The theologian, Keen, writes about the traditions of those who have come before us: “These images, exemplary types, elemental virtues had their heyday. Each was a creative response to its time. Each reached a point of paradoxical counter productivity; a moment when its produced result was the opposite of what was intended.
“Together, the responses men made to the circumstances of their times form the history that under girds our present condition. We listen to those elders whose voices are still within us, not because they give us answers to our questions, but because they give us courage to respond to the vocation of our moment in history.”

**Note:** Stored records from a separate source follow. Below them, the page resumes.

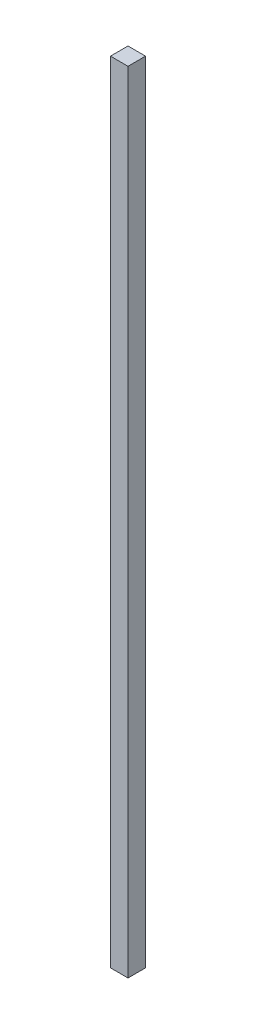
ISO-10303-21;
HEADER;
FILE_DESCRIPTION(('STEP AP214'),'2;1');
FILE_NAME('part.step','',(''),(''),'','','');
FILE_SCHEMA(('AUTOMOTIVE_DESIGN { 1 0 10303 214 1 1 1 1 }'));
ENDSEC;
DATA;
#1=APPLICATION_CONTEXT('core data for automotive mechanical design processes');
#2=APPLICATION_PROTOCOL_DEFINITION('international standard','automotive_design',2000,#1);
#3=PRODUCT_CONTEXT('',#1,'mechanical');
#4=PRODUCT('Part','Part','',(#3));
#5=PRODUCT_RELATED_PRODUCT_CATEGORY('part','',(#4));
#6=PRODUCT_DEFINITION_FORMATION('','',#4);
#7=PRODUCT_DEFINITION_CONTEXT('part definition',#1,'design');
#8=PRODUCT_DEFINITION('design','',#6,#7);
#9=PRODUCT_DEFINITION_SHAPE('','',#8);
#10=(LENGTH_UNIT() NAMED_UNIT(*) SI_UNIT(.MILLI.,.METRE.));
#11=(NAMED_UNIT(*) PLANE_ANGLE_UNIT() SI_UNIT($,.RADIAN.));
#12=(NAMED_UNIT(*) SI_UNIT($,.STERADIAN.) SOLID_ANGLE_UNIT());
#13=UNCERTAINTY_MEASURE_WITH_UNIT(LENGTH_MEASURE(1.E-05),#10,'distance_accuracy_value','');
#14=(GEOMETRIC_REPRESENTATION_CONTEXT(3) GLOBAL_UNCERTAINTY_ASSIGNED_CONTEXT((#13)) GLOBAL_UNIT_ASSIGNED_CONTEXT((#10,
#11,#12)) REPRESENTATION_CONTEXT('',''));
#15=CARTESIAN_POINT('',(0.,0.,0.));
#16=DIRECTION('',(0.,0.,1.));
#17=DIRECTION('',(1.,0.,0.));
#18=AXIS2_PLACEMENT_3D('',#15,#16,#17);
#19=CARTESIAN_POINT('',(10.,900.,-10.));
#20=DIRECTION('',(-1.,0.,0.));
#21=DIRECTION('',(0.,0.,1.));
#22=AXIS2_PLACEMENT_3D('',#19,#20,#21);
#23=PLANE('',#22);
#24=DIRECTION('',(0.,0.,-1.));
#25=VECTOR('',#24,1.);
#26=CARTESIAN_POINT('',(10.,0.,-10.));
#27=LINE('',#26,#25);
#28=CARTESIAN_POINT('',(10.,0.,9.99999999999999));
#29=VERTEX_POINT('',#28);
#30=CARTESIAN_POINT('',(10.,0.,-10.));
#31=VERTEX_POINT('',#30);
#32=EDGE_CURVE('E96',#29,#31,#27,.T.);
#33=ORIENTED_EDGE('',*,*,#32,.T.);
#34=DIRECTION('',(0.,-1.,0.));
#35=VECTOR('',#34,1.);
#36=CARTESIAN_POINT('',(10.,900.,-10.));
#37=LINE('',#36,#35);
#38=CARTESIAN_POINT('',(10.,900.,-10.));
#39=VERTEX_POINT('',#38);
#40=EDGE_CURVE('E11',#39,#31,#37,.T.);
#41=ORIENTED_EDGE('',*,*,#40,.F.);
#42=DIRECTION('',(0.,0.,-1.));
#43=VECTOR('',#42,1.);
#44=CARTESIAN_POINT('',(10.,900.,-10.));
#45=LINE('',#44,#43);
#46=CARTESIAN_POINT('',(10.,900.,9.99999999999999));
#47=VERTEX_POINT('',#46);
#48=EDGE_CURVE('E84',#47,#39,#45,.T.);
#49=ORIENTED_EDGE('',*,*,#48,.F.);
#50=DIRECTION('',(0.,-1.,0.));
#51=VECTOR('',#50,1.);
#52=CARTESIAN_POINT('',(10.,900.,9.99999999999999));
#53=LINE('',#52,#51);
#54=EDGE_CURVE('E92',#47,#29,#53,.T.);
#55=ORIENTED_EDGE('',*,*,#54,.T.);
#56=EDGE_LOOP('',(#33,#41,#49,#55));
#57=FACE_BOUND('',#56,.T.);
#58=ADVANCED_FACE('F33',(#57),#23,.F.);
#59=CARTESIAN_POINT('',(-10.,900.,-10.));
#60=DIRECTION('',(0.,0.,1.));
#61=DIRECTION('',(1.,0.,0.));
#62=AXIS2_PLACEMENT_3D('',#59,#60,#61);
#63=PLANE('',#62);
#64=DIRECTION('',(-1.,0.,0.));
#65=VECTOR('',#64,1.);
#66=CARTESIAN_POINT('',(-10.,0.,-10.));
#67=LINE('',#66,#65);
#68=CARTESIAN_POINT('',(-10.,0.,-10.));
#69=VERTEX_POINT('',#68);
#70=EDGE_CURVE('E88',#31,#69,#67,.T.);
#71=ORIENTED_EDGE('',*,*,#70,.T.);
#72=DIRECTION('',(0.,-1.,0.));
#73=VECTOR('',#72,1.);
#74=CARTESIAN_POINT('',(-10.,900.,-10.));
#75=LINE('',#74,#73);
#76=CARTESIAN_POINT('',(-10.,900.,-10.));
#77=VERTEX_POINT('',#76);
#78=EDGE_CURVE('E41',#77,#69,#75,.T.);
#79=ORIENTED_EDGE('',*,*,#78,.F.);
#80=DIRECTION('',(-1.,0.,0.));
#81=VECTOR('',#80,1.);
#82=CARTESIAN_POINT('',(-10.,900.,-10.));
#83=LINE('',#82,#81);
#84=EDGE_CURVE('E79',#39,#77,#83,.T.);
#85=ORIENTED_EDGE('',*,*,#84,.F.);
#86=ORIENTED_EDGE('',*,*,#40,.T.);
#87=EDGE_LOOP('',(#71,#79,#85,#86));
#88=FACE_BOUND('',#87,.T.);
#89=ADVANCED_FACE('F87',(#88),#63,.F.);
#90=CARTESIAN_POINT('',(-10.,900.,-10.));
#91=DIRECTION('',(1.,0.,0.));
#92=DIRECTION('',(0.,0.,-1.));
#93=AXIS2_PLACEMENT_3D('',#90,#91,#92);
#94=PLANE('',#93);
#95=DIRECTION('',(0.,0.,1.));
#96=VECTOR('',#95,1.);
#97=CARTESIAN_POINT('',(-10.,0.,-10.));
#98=LINE('',#97,#96);
#99=CARTESIAN_POINT('',(-10.,0.,9.99999999999999));
#100=VERTEX_POINT('',#99);
#101=EDGE_CURVE('E66',#69,#100,#98,.T.);
#102=ORIENTED_EDGE('',*,*,#101,.T.);
#103=DIRECTION('',(0.,-1.,0.));
#104=VECTOR('',#103,1.);
#105=CARTESIAN_POINT('',(-10.,900.,9.99999999999999));
#106=LINE('',#105,#104);
#107=CARTESIAN_POINT('',(-10.,900.,9.99999999999999));
#108=VERTEX_POINT('',#107);
#109=EDGE_CURVE('E89',#108,#100,#106,.T.);
#110=ORIENTED_EDGE('',*,*,#109,.F.);
#111=DIRECTION('',(0.,0.,1.));
#112=VECTOR('',#111,1.);
#113=CARTESIAN_POINT('',(-10.,900.,-10.));
#114=LINE('',#113,#112);
#115=EDGE_CURVE('E82',#77,#108,#114,.T.);
#116=ORIENTED_EDGE('',*,*,#115,.F.);
#117=ORIENTED_EDGE('',*,*,#78,.T.);
#118=EDGE_LOOP('',(#102,#110,#116,#117));
#119=FACE_BOUND('',#118,.T.);
#120=ADVANCED_FACE('F90',(#119),#94,.F.);
#121=CARTESIAN_POINT('',(-10.,900.,9.99999999999999));
#122=DIRECTION('',(0.,0.,-1.));
#123=DIRECTION('',(-1.,0.,0.));
#124=AXIS2_PLACEMENT_3D('',#121,#122,#123);
#125=PLANE('',#124);
#126=DIRECTION('',(1.,0.,0.));
#127=VECTOR('',#126,1.);
#128=CARTESIAN_POINT('',(-10.,0.,9.99999999999999));
#129=LINE('',#128,#127);
#130=EDGE_CURVE('E72',#100,#29,#129,.T.);
#131=ORIENTED_EDGE('',*,*,#130,.T.);
#132=ORIENTED_EDGE('',*,*,#54,.F.);
#133=DIRECTION('',(1.,0.,0.));
#134=VECTOR('',#133,1.);
#135=CARTESIAN_POINT('',(-10.,900.,9.99999999999999));
#136=LINE('',#135,#134);
#137=EDGE_CURVE('E49',#108,#47,#136,.T.);
#138=ORIENTED_EDGE('',*,*,#137,.F.);
#139=ORIENTED_EDGE('',*,*,#109,.T.);
#140=EDGE_LOOP('',(#131,#132,#138,#139));
#141=FACE_BOUND('',#140,.T.);
#142=ADVANCED_FACE('F103',(#141),#125,.F.);
#143=CARTESIAN_POINT('',(0.,900.,0.));
#144=DIRECTION('',(0.,1.,0.));
#145=DIRECTION('',(0.,0.,1.));
#146=AXIS2_PLACEMENT_3D('',#143,#144,#145);
#147=PLANE('',#146);
#148=ORIENTED_EDGE('',*,*,#48,.T.);
#149=ORIENTED_EDGE('',*,*,#84,.T.);
#150=ORIENTED_EDGE('',*,*,#115,.T.);
#151=ORIENTED_EDGE('',*,*,#137,.T.);
#152=EDGE_LOOP('',(#148,#149,#150,#151));
#153=FACE_BOUND('',#152,.T.);
#154=ADVANCED_FACE('F80',(#153),#147,.T.);
#155=CARTESIAN_POINT('',(0.,0.,0.));
#156=DIRECTION('',(0.,1.,0.));
#157=DIRECTION('',(0.,0.,1.));
#158=AXIS2_PLACEMENT_3D('',#155,#156,#157);
#159=PLANE('',#158);
#160=ORIENTED_EDGE('',*,*,#32,.F.);
#161=ORIENTED_EDGE('',*,*,#130,.F.);
#162=ORIENTED_EDGE('',*,*,#101,.F.);
#163=ORIENTED_EDGE('',*,*,#70,.F.);
#164=EDGE_LOOP('',(#160,#161,#162,#163));
#165=FACE_BOUND('',#164,.T.);
#166=ADVANCED_FACE('F106',(#165),#159,.F.);
#167=CLOSED_SHELL('',(#58,#89,#120,#142,#154,#166));
#168=MANIFOLD_SOLID_BREP('B2',#167);
#169=ADVANCED_BREP_SHAPE_REPRESENTATION('',(#18,#168),#14);
#170=SHAPE_DEFINITION_REPRESENTATION(#9,#169);
ENDSEC;
END-ISO-10303-21;

That is what Paul is talking about this morning in Romans. Are we going to step up to the plate and answer God’s call for us in our time. Or are we just playing with our religion, just hoping to feel a little better without putting in effort? Are we praying for change in our lives while we are afraid and unwilling to help God answer our prayer? We can do it, says Paul; with the grace of God we have what it takes to meet our moment in history, in our family. Allow God to take away those behaviors, addictions and prejudices that don’t do us or anyone else any good. It may feel like death, like we will die, like we will be killed if we let them go. But God promises a new life so much better than the one we are afraid to leave. Even if we suffer, and there is often suffering involved with change, even good change… even if we suffer, our joy and integrity will be greater. By the grace of God through Christ, we are going to win this battle in history, in our hearts and minds and souls. We are going to move forward in time one way or the other. Let us do so with a new life in Christ.